It’s Leap Day, and while I wouldn’t say I’m jumping for joy, today’s events will be a springboard for the next phase of this journey. My treatments to kill the cancer cells began today, and, as one of the many people attending to me today said, “it is kind of anticlimactic, isn’t it.”

I was gone 6 1/2 hours, and in that time, I drove for 1 ½ hours and we waited in waiting rooms for 3 ½ hours. That leaves 1 hour for anything that involved a nurse or a needle, which involved taking blood for testing and giving me 2 shots and 1 tiny IV bag of medicine,. It was easier than my weekly infusions (the ones I’ve been getting for a year for my primary immunodeficiency). The toughest part was that the IV was particularly pinchy and I didn’t get to do the activities I had brought to keep myself occupied. (I know…Poor me. Next time I’ll get things done in my left arm).

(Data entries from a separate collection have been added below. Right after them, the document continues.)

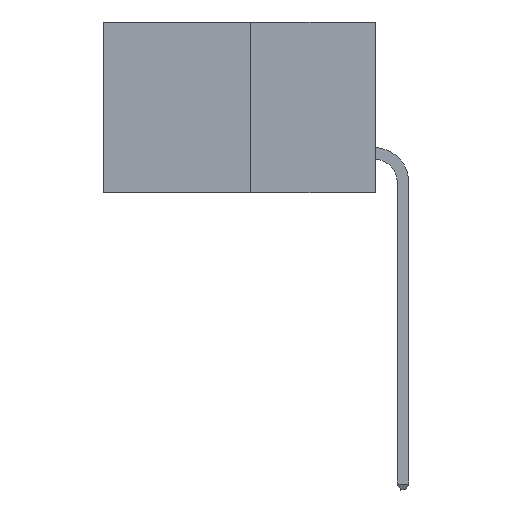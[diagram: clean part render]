
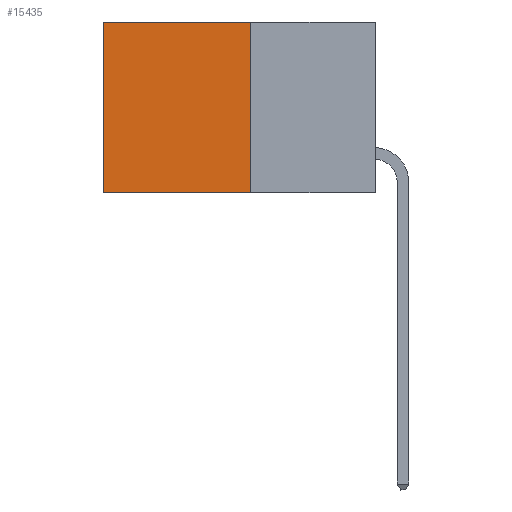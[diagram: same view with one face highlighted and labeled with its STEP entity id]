
A CAD part, left-side view. The second image highlights one B-rep face of the part: STEP entity #15435.
In plain terms, the highlighted planar face has unit normal (-1, 0, 0).
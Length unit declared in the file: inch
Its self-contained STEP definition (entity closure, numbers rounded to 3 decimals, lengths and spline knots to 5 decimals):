
#160 = CARTESIAN_POINT ( 'NONE',  ( 0.277, 0.59, -0.37 ) ) ;
#468 = ORIENTED_EDGE ( 'NONE', *, *, #12056, .T. ) ;
#1672 = LINE ( 'NONE', #6594, #15317 ) ;
#2845 = ORIENTED_EDGE ( 'NONE', *, *, #11724, .F. ) ;
#3216 = VECTOR ( 'NONE', #4340, 39.37008 ) ;
#4340 = DIRECTION ( 'NONE',  ( 0., 1., 0. ) ) ;
#4840 = EDGE_CURVE ( 'NONE', #12134, #8371, #16706, .T. ) ;
#6594 = CARTESIAN_POINT ( 'NONE',  ( 0.277, 0.27, 0. ) ) ;
#6669 = EDGE_CURVE ( 'NONE', #6780, #8420, #12108, .T. ) ;
#6780 = VERTEX_POINT ( 'NONE', #8664 ) ;
#6921 = LINE ( 'NONE', #11178, #3216 ) ;
#8018 = CARTESIAN_POINT ( 'NONE',  ( 0.277, 0.27, -0.37 ) ) ;
#8371 = VERTEX_POINT ( 'NONE', #9618 ) ;
#8420 = VERTEX_POINT ( 'NONE', #8018 ) ;
#8664 = CARTESIAN_POINT ( 'NONE',  ( 0.277, 0.27, 0. ) ) ;
#8756 = DIRECTION ( 'NONE',  ( 0., 0., -1. ) ) ;
#9618 = CARTESIAN_POINT ( 'NONE',  ( 0.277, 0.59, -0.37 ) ) ;
#9626 = VECTOR ( 'NONE', #13840, 39.37008 ) ;
#9850 = CARTESIAN_POINT ( 'NONE',  ( 0.277, 0.27, -0.37 ) ) ;
#9892 = DIRECTION ( 'NONE',  ( 0., 0., -1. ) ) ;
#10585 = ORIENTED_EDGE ( 'NONE', *, *, #6669, .F. ) ;
#10929 = CARTESIAN_POINT ( 'NONE',  ( 0.277, 0.59, 0. ) ) ;
#11178 = CARTESIAN_POINT ( 'NONE',  ( 0.277, 0.27, -0.37 ) ) ;
#11724 = EDGE_CURVE ( 'NONE', #8420, #8371, #6921, .T. ) ;
#12056 = EDGE_CURVE ( 'NONE', #6780, #12134, #1672, .T. ) ;
#12108 = LINE ( 'NONE', #9850, #12512 ) ;
#12134 = VERTEX_POINT ( 'NONE', #10929 ) ;
#12512 = VECTOR ( 'NONE', #9892, 39.37008 ) ;
#12883 = ORIENTED_EDGE ( 'NONE', *, *, #4840, .T. ) ;
#13840 = DIRECTION ( 'NONE',  ( 0., 0., -1. ) ) ;
#14081 = PLANE ( 'NONE',  #14220 ) ;
#14220 = AXIS2_PLACEMENT_3D ( 'NONE', #15409, #16726, #8756 ) ;
#14306 = EDGE_LOOP ( 'NONE', ( #12883, #2845, #10585, #468 ) ) ;
#15317 = VECTOR ( 'NONE', #17357, 39.37008 ) ;
#15409 = CARTESIAN_POINT ( 'NONE',  ( 0.277, 0.27, -0.37 ) ) ;
#15435 = ADVANCED_FACE ( 'NONE', ( #15979 ), #14081, .F. ) ;
#15979 = FACE_OUTER_BOUND ( 'NONE', #14306, .T. ) ;
#16706 = LINE ( 'NONE', #160, #9626 ) ;
#16726 = DIRECTION ( 'NONE',  ( 1., 0., 0. ) ) ;
#17357 = DIRECTION ( 'NONE',  ( 0., 1., 0. ) ) ;

If that’s the toughest part, I got off so easy! It was nothing hard or scary and not at all like you see in the movies or imagine (ie. hours hooked up to bags of medicine). My only side effect so far is body aches and skin sensitivity. But, I don’t have the pills called Revlimid yet. Insurance and the specialty pharmacy haven’t lined up yet. So I have yet to see what they’ll do to me. Hopefully they will come soon. I do this every week, except no IV in the future, and maybe less waiting. All in all, pretty easy compared to what I had braced myself for.